School of Environment, Enterprise and Development (SEED)
SEED develops knowledge, tools and expertise that integrate business and development activities with environmental and social objectives in order to realize a sustainable world.
Through our teaching programs, research and outreach activities SEED is a nationally recognized leader in integrating sustainability into economic and social processes.
Our core expertise lies across several inter-related areas:
· sustainability management
· international and local development practice
· social innovation
One of the unique strengths of SEED is the bringing together of these constituent elements within the School, which enables our researchers and students to draw across disciplinary boundaries and problem domains in order to view seemingly intractable issues in new ways and from different perspectives.

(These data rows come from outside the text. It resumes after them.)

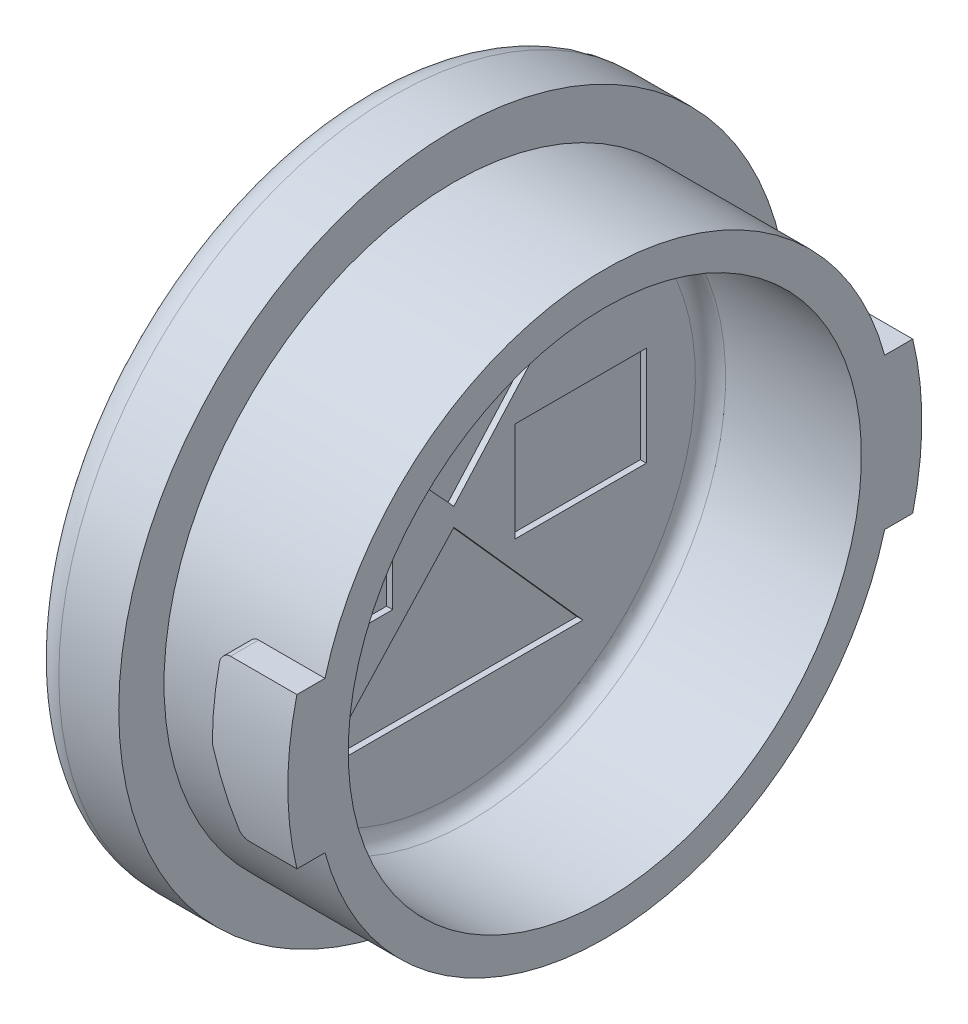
ISO-10303-21;
HEADER;
FILE_DESCRIPTION(('STEP AP214'),'2;1');
FILE_NAME('part.step','',(''),(''),'','','');
FILE_SCHEMA(('AUTOMOTIVE_DESIGN { 1 0 10303 214 1 1 1 1 }'));
ENDSEC;
DATA;
#1=APPLICATION_CONTEXT('core data for automotive mechanical design processes');
#2=APPLICATION_PROTOCOL_DEFINITION('international standard','automotive_design',2000,#1);
#3=PRODUCT_CONTEXT('',#1,'mechanical');
#4=PRODUCT('Part','Part','',(#3));
#5=PRODUCT_RELATED_PRODUCT_CATEGORY('part','',(#4));
#6=PRODUCT_DEFINITION_FORMATION('','',#4);
#7=PRODUCT_DEFINITION_CONTEXT('part definition',#1,'design');
#8=PRODUCT_DEFINITION('design','',#6,#7);
#9=PRODUCT_DEFINITION_SHAPE('','',#8);
#10=(LENGTH_UNIT() NAMED_UNIT(*) SI_UNIT(.MILLI.,.METRE.));
#11=(NAMED_UNIT(*) PLANE_ANGLE_UNIT() SI_UNIT($,.RADIAN.));
#12=(NAMED_UNIT(*) SI_UNIT($,.STERADIAN.) SOLID_ANGLE_UNIT());
#13=UNCERTAINTY_MEASURE_WITH_UNIT(LENGTH_MEASURE(1.E-05),#10,'distance_accuracy_value','');
#14=(GEOMETRIC_REPRESENTATION_CONTEXT(3) GLOBAL_UNCERTAINTY_ASSIGNED_CONTEXT((#13)) GLOBAL_UNIT_ASSIGNED_CONTEXT((#10,
#11,#12)) REPRESENTATION_CONTEXT('',''));
#15=CARTESIAN_POINT('',(0.,0.,0.));
#16=DIRECTION('',(0.,0.,1.));
#17=DIRECTION('',(1.,0.,0.));
#18=AXIS2_PLACEMENT_3D('',#15,#16,#17);
#19=CARTESIAN_POINT('',(-13.3000000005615,50.9,34.75));
#20=DIRECTION('',(0.,0.,-1.));
#21=DIRECTION('',(0.,1.,0.));
#22=AXIS2_PLACEMENT_3D('',#19,#20,#21);
#23=PLANE('',#22);
#24=DIRECTION('',(0.,1.,0.));
#25=VECTOR('',#24,1.);
#26=CARTESIAN_POINT('',(-3.50000000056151,50.9,34.75));
#27=LINE('',#26,#25);
#28=CARTESIAN_POINT('',(-3.50000000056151,57.8253158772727,34.75));
#29=VERTEX_POINT('',#28);
#30=CARTESIAN_POINT('',(-3.50000000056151,43.9746841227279,34.75));
#31=VERTEX_POINT('',#30);
#32=EDGE_CURVE('E141',#29,#31,#27,.F.);
#33=ORIENTED_EDGE('',*,*,#32,.T.);
#34=CARTESIAN_POINT('',(-13.3000000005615,50.9,34.75));
#35=DIRECTION('',(0.,0.,1.));
#36=DIRECTION('',(0.,-1.,0.));
#37=AXIS2_PLACEMENT_3D('',#34,#35,#36);
#38=CIRCLE('',#37,12.);
#39=EDGE_CURVE('E19',#31,#29,#38,.T.);
#40=ORIENTED_EDGE('',*,*,#39,.T.);
#41=EDGE_LOOP('',(#33,#40));
#42=FACE_BOUND('',#41,.T.);
#43=ADVANCED_FACE('F16',(#42),#23,.F.);
#44=CARTESIAN_POINT('',(-13.3000000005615,50.9,37.75));
#45=DIRECTION('',(0.,0.,1.));
#46=DIRECTION('',(0.,-1.,0.));
#47=AXIS2_PLACEMENT_3D('',#44,#45,#46);
#48=CYLINDRICAL_SURFACE('',#47,12.);
#49=DIRECTION('',(0.,0.,1.));
#50=VECTOR('',#49,1.);
#51=CARTESIAN_POINT('',(-3.50000000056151,57.8253158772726,36.25));
#52=LINE('',#51,#50);
#53=CARTESIAN_POINT('',(-3.50000000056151,57.8253158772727,37.75));
#54=VERTEX_POINT('',#53);
#55=EDGE_CURVE('E148',#54,#29,#52,.F.);
#56=ORIENTED_EDGE('',*,*,#55,.T.);
#57=ORIENTED_EDGE('',*,*,#39,.F.);
#58=DIRECTION('',(0.,0.,1.));
#59=VECTOR('',#58,1.);
#60=CARTESIAN_POINT('',(-3.50000000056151,43.9746841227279,36.25));
#61=LINE('',#60,#59);
#62=CARTESIAN_POINT('',(-3.50000000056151,43.9746841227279,37.75));
#63=VERTEX_POINT('',#62);
#64=EDGE_CURVE('E157',#31,#63,#61,.T.);
#65=ORIENTED_EDGE('',*,*,#64,.T.);
#66=CARTESIAN_POINT('',(-13.3000000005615,50.9,37.75));
#67=DIRECTION('',(0.,0.,1.));
#68=DIRECTION('',(0.,-1.,0.));
#69=AXIS2_PLACEMENT_3D('',#66,#67,#68);
#70=CIRCLE('',#69,12.);
#71=EDGE_CURVE('E146',#54,#63,#70,.F.);
#72=ORIENTED_EDGE('',*,*,#71,.F.);
#73=EDGE_LOOP('',(#56,#57,#65,#72));
#74=FACE_BOUND('',#73,.T.);
#75=ADVANCED_FACE('F149',(#74),#48,.F.);
#76=CARTESIAN_POINT('',(-13.3000000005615,50.9,37.75));
#77=DIRECTION('',(0.,0.,-1.));
#78=DIRECTION('',(0.,1.,0.));
#79=AXIS2_PLACEMENT_3D('',#76,#77,#78);
#80=PLANE('',#79);
#81=DIRECTION('',(0.,1.,0.));
#82=VECTOR('',#81,1.);
#83=CARTESIAN_POINT('',(-3.50000000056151,50.9,37.75));
#84=LINE('',#83,#82);
#85=EDGE_CURVE('E159',#63,#54,#84,.T.);
#86=ORIENTED_EDGE('',*,*,#85,.T.);
#87=ORIENTED_EDGE('',*,*,#71,.T.);
#88=EDGE_LOOP('',(#86,#87));
#89=FACE_BOUND('',#88,.T.);
#90=ADVANCED_FACE('F497',(#89),#80,.T.);
#91=CARTESIAN_POINT('',(-0.199999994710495,56.0000000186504,31.975000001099));
#92=DIRECTION('',(-1.,-2.49615247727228E-10,-5.49391886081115E-10));
#93=DIRECTION('',(-5.49391886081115E-10,0.,1.));
#94=AXIS2_PLACEMENT_3D('',#91,#92,#93);
#95=PLANE('',#94);
#96=DIRECTION('',(0.,0.735243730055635,0.677802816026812));
#97=VECTOR('',#96,1.);
#98=CARTESIAN_POINT('',(-0.199999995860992,56.0000000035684,40.6750000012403));
#99=LINE('',#98,#97);
#100=CARTESIAN_POINT('',(-0.199999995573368,51.2000000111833,36.249999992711));
#101=VERTEX_POINT('',#100);
#102=CARTESIAN_POINT('',(-0.199999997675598,56.0000000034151,40.6750000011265));
#103=VERTEX_POINT('',#102);
#104=EDGE_CURVE('E450',#101,#103,#99,.T.);
#105=ORIENTED_EDGE('',*,*,#104,.F.);
#106=DIRECTION('',(0.,-0.746765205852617,0.665087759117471));
#107=VECTOR('',#106,1.);
#108=CARTESIAN_POINT('',(-0.199999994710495,51.200000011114,36.2499999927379));
#109=LINE('',#108,#107);
#110=CARTESIAN_POINT('',(-0.199999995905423,56.0000000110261,31.9750000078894));
#111=VERTEX_POINT('',#110);
#112=EDGE_CURVE('E453',#111,#101,#109,.T.);
#113=ORIENTED_EDGE('',*,*,#112,.F.);
#114=DIRECTION('',(0.,1.75118018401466E-09,-1.));
#115=VECTOR('',#114,1.);
#116=CARTESIAN_POINT('',(-0.199999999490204,56.0000000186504,31.975000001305));
#117=LINE('',#116,#115);
#118=EDGE_CURVE('E975',#103,#111,#117,.T.);
#119=ORIENTED_EDGE('',*,*,#118,.F.);
#120=EDGE_LOOP('',(#105,#113,#119));
#121=FACE_BOUND('',#120,.T.);
#122=ADVANCED_FACE('F493',(#121),#95,.F.);
#123=CARTESIAN_POINT('',(-0.199999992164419,45.8000000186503,31.9749999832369));
#124=DIRECTION('',(1.,2.49615247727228E-10,5.49391886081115E-10));
#125=DIRECTION('',(5.49391886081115E-10,0.,-1.));
#126=AXIS2_PLACEMENT_3D('',#123,#124,#125);
#127=PLANE('',#126);
#128=DIRECTION('',(0.,0.74676520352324,0.665087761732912));
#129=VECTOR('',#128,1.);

Our team (Marion Brown, Karen Robertson (Indev UG Advisor), Cheri Oestreich (EB UG Advisor), Teresa Wilson (Grad Advisor – MEB/MCC (geog.), Katherine MacLean (Grad Advisor – MDP, LED, SUSM), Joanne Adair (Experiential Learning and Business Outreach) and Grainne Ryder (Indev Field Placement Coordinator – St. Pauls) have continued to be major contributors to SEED’s success.
In 2013, Seed researchers collectively published 1 book, 26 book chapters and 19 journal articles, as well as 5 major reports to government and industry. SEED faculty continued to successfully attract research funding from major granting agencies, government agencies and private funders, such as foundations, NGOs and industry. New awards in 2013/14 included grants from SSHRC (Insight & Partnership), the Metcalfe Foundation, Sustainable Prosperity, OMAFRA, Agricultural Canada, Intact Insurance, Industry Canada, and Suncor Foundation.
The School of Environment, Enterprise and Development was created in 2009 in order to consolidate undergraduate and graduate programs in environment and business, international development, local economic development and social innovation generation within a single academic unit in the University of Waterloo’s Faculty of Environment. SEED has approximately 1000 students, sixteen full-time faculty members and twelve staff members. Several university-level research centres are associated with SEED, including the Waterloo Institute for Social Innovation and Resilience and the Waterloo Institute for Complexity and Innovation.